Es ist ferner nicht erkennbar, dass der behandelnde Hautarzt die Videodokumentationen
vom 26.10.1999 - etwa zur Mitbeurteilung durch einen Fachkollegen - versandt hat.
Gemäß der Einlassung der Klägerin in ihrem Schriftsatz vom 28.2.2002 ist die
Videodokumentation ihres Sohnes M. nach ihrer Erinnerung zur Abklärung eines
Karzinomverdachts mit Aufzeichnungen der Datenbank der Universitätsklinik M.
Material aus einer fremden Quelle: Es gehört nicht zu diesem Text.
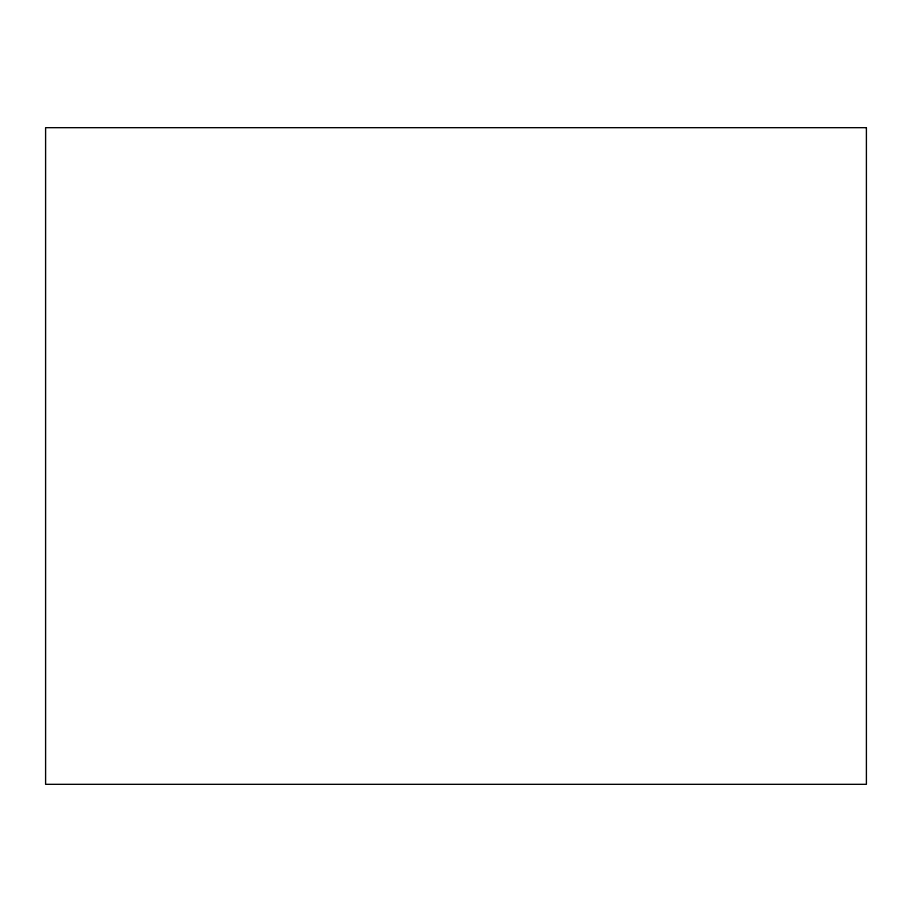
<?xml version="1.0" encoding="UTF-8"?>
<svg xmlns="http://www.w3.org/2000/svg" width="912" height="912" viewBox="0 0 912 912"><rect width="100%" height="100%" fill="white"/><g stroke="black" fill="none" stroke-linecap="round" stroke-linejoin="round"><path stroke-width="1.37" d="M866.4 127.68L45.6 127.68L45.6 784.32L866.4 784.32L866.4 127.68"/></g></svg>

abgeglichen worden. Hieraus ist allenfalls zu schließen, das der behandelnde Arzt
Daten der Klinik hinzugezogen hat, um sie mit den von ihm gewonnenen Daten zu
vergleichen; keineswegs ist auf Grund dessen jedoch die Annahme gerechtfertigt, die
am 26.10.1999 erstellten Dokumente seien an die Universitätsklinik M. geschickt
worden. Diese Einschätzung steht mit dem Umstand im Einklang, dass der Klägerin
nach ihren eigenen Bekundungen Rechnungen und Arztberichte der Universitätsklinik
M. , die mit der hautärztlichen Behandlung ihrer Söhne im Zusammenhang stehen, nicht
vorliegen. Wären der Universitätsklinik M. die Videoaufzeichnungen des behandelnden
Arztes vom 26.10.1999 zum Zwecke einer Begutachtung bzw. Mitbeurteilung zugesandt
worden, wäre zu erwarten gewesen, dass die Klinik der Klägerin einen ärztlichen
Bericht zugeleitet und ihre Tätigkeit in Rechnung gestellt hätte.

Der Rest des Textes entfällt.